## Task instructions
From the entries that follow, gather each line holding the word "part".

Records from a data source:

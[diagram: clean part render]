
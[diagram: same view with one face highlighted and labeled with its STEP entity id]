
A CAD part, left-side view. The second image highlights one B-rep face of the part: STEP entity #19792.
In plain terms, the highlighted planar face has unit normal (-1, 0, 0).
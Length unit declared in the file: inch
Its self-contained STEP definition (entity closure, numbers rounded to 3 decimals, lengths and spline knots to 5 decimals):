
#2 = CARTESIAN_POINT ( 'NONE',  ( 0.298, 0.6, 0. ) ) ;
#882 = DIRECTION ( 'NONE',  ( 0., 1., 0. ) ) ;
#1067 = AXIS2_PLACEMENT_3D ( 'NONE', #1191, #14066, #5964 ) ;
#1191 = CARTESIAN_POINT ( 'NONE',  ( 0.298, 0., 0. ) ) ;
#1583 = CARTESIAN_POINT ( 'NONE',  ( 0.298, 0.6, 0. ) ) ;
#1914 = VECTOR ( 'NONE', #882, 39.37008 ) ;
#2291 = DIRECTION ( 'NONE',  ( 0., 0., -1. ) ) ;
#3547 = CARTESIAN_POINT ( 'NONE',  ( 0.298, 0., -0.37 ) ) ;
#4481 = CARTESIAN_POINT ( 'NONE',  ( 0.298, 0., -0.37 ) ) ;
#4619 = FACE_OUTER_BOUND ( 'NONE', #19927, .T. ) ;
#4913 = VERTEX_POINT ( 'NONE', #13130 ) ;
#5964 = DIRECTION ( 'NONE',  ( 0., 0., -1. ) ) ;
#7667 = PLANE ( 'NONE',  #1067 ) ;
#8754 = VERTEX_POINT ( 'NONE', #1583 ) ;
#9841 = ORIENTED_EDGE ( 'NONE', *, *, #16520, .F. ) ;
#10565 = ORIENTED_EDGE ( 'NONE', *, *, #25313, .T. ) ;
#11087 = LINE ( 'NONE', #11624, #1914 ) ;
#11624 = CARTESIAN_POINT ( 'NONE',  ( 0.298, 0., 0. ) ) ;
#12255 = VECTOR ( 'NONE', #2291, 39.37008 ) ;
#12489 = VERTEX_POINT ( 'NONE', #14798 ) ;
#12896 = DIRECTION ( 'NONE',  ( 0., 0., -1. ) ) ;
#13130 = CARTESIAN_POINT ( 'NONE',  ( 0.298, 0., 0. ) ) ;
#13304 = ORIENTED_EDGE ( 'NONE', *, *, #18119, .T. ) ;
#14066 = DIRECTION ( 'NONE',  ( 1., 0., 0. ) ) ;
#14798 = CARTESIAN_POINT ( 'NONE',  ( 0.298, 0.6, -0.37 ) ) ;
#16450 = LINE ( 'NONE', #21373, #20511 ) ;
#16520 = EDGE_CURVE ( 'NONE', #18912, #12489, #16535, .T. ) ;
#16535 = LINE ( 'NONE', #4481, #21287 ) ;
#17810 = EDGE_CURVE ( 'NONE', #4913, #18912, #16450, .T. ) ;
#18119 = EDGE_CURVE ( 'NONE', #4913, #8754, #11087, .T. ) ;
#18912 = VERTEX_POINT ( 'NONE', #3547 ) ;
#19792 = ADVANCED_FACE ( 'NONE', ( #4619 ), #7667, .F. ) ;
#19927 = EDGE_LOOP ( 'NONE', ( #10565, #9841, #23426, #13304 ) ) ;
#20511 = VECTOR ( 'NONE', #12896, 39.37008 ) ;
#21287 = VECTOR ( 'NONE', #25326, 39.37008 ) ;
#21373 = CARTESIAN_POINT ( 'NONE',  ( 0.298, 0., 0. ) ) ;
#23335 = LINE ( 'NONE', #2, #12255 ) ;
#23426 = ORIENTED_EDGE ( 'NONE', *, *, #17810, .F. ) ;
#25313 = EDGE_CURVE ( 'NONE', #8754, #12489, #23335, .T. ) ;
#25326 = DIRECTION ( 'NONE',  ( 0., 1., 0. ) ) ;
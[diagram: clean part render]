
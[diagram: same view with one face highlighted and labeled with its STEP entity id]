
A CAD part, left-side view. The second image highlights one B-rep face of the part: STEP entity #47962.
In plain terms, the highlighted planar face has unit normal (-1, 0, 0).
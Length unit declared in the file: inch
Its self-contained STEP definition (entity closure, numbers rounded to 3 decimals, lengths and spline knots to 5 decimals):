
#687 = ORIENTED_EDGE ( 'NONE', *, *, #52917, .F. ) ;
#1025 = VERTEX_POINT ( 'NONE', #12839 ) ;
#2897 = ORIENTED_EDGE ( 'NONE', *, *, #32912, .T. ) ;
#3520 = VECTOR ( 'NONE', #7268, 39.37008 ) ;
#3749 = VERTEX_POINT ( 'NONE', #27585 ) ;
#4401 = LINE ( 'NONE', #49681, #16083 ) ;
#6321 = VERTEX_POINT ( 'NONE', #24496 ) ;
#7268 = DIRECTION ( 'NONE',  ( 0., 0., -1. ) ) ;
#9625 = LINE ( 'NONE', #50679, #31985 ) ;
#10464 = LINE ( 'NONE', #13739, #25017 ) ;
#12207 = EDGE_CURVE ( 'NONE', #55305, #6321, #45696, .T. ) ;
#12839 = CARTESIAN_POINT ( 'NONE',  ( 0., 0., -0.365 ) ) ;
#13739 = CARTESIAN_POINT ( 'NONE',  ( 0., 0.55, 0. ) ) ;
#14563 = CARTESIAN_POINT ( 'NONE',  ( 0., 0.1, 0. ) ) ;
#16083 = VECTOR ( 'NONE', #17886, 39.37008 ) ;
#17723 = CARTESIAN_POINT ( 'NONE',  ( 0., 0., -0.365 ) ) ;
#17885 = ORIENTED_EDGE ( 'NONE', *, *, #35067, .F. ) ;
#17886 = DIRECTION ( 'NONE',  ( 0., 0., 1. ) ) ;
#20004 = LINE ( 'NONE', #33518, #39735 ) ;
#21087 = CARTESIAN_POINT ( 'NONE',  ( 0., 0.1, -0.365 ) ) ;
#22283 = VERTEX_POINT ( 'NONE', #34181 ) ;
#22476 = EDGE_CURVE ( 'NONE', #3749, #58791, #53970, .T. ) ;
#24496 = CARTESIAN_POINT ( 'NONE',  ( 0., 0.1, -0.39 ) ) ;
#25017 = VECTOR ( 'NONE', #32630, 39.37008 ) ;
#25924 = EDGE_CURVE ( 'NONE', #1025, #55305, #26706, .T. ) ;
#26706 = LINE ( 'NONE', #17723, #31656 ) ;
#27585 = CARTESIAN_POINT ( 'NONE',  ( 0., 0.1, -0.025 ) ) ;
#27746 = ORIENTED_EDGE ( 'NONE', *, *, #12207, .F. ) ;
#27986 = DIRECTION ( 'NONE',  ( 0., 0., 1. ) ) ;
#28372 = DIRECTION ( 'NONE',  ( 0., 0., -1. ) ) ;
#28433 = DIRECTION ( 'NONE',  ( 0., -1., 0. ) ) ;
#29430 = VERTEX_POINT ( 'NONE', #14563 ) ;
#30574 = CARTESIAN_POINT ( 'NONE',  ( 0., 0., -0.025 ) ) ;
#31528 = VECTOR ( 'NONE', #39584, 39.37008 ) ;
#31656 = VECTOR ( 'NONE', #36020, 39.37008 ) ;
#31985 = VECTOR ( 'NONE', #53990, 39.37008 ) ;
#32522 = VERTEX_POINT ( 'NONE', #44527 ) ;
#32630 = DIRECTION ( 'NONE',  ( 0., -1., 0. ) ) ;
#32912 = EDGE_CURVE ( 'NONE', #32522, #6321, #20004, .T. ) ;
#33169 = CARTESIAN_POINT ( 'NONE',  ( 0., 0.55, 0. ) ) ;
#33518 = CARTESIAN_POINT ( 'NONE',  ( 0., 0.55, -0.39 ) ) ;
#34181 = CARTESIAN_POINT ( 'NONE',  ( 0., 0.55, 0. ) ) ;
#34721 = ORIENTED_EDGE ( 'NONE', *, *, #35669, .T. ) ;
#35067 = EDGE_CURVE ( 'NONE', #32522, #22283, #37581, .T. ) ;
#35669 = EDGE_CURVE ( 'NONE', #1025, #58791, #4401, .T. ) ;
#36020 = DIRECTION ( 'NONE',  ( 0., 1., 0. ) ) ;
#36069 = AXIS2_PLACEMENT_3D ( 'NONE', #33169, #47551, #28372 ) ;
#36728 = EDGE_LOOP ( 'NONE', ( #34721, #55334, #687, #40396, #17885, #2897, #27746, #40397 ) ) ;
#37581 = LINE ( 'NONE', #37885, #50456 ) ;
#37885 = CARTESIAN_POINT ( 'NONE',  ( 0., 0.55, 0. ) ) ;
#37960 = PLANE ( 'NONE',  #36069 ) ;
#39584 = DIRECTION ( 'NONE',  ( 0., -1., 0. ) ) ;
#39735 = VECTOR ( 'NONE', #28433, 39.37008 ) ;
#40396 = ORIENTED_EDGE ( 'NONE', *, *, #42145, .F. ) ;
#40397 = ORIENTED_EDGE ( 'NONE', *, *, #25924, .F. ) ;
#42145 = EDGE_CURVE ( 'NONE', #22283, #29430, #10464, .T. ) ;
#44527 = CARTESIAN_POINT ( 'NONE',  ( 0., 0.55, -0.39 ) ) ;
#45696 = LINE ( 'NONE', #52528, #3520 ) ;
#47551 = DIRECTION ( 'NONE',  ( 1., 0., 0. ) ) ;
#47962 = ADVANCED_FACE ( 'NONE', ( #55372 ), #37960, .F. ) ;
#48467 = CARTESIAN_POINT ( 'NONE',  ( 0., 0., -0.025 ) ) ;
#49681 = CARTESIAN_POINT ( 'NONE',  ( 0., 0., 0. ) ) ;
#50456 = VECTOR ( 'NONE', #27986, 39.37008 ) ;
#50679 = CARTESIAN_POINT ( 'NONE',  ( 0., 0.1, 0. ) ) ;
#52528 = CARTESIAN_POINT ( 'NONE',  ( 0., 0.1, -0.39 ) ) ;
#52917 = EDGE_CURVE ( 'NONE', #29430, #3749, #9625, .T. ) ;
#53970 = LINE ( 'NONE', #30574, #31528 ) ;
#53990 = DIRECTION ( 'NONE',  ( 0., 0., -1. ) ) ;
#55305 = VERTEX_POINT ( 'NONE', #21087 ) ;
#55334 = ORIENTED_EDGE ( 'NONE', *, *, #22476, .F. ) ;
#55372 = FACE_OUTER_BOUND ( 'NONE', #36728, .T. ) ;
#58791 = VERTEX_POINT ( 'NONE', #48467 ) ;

## Solution
[diagram: clean part render]
A CAD part, left-side view. The second image highlights one B-rep face of the part: STEP entity #19792.
[diagram: clean part render]
A CAD part, left-side view. The second image highlights one B-rep face of the part: STEP entity #47962.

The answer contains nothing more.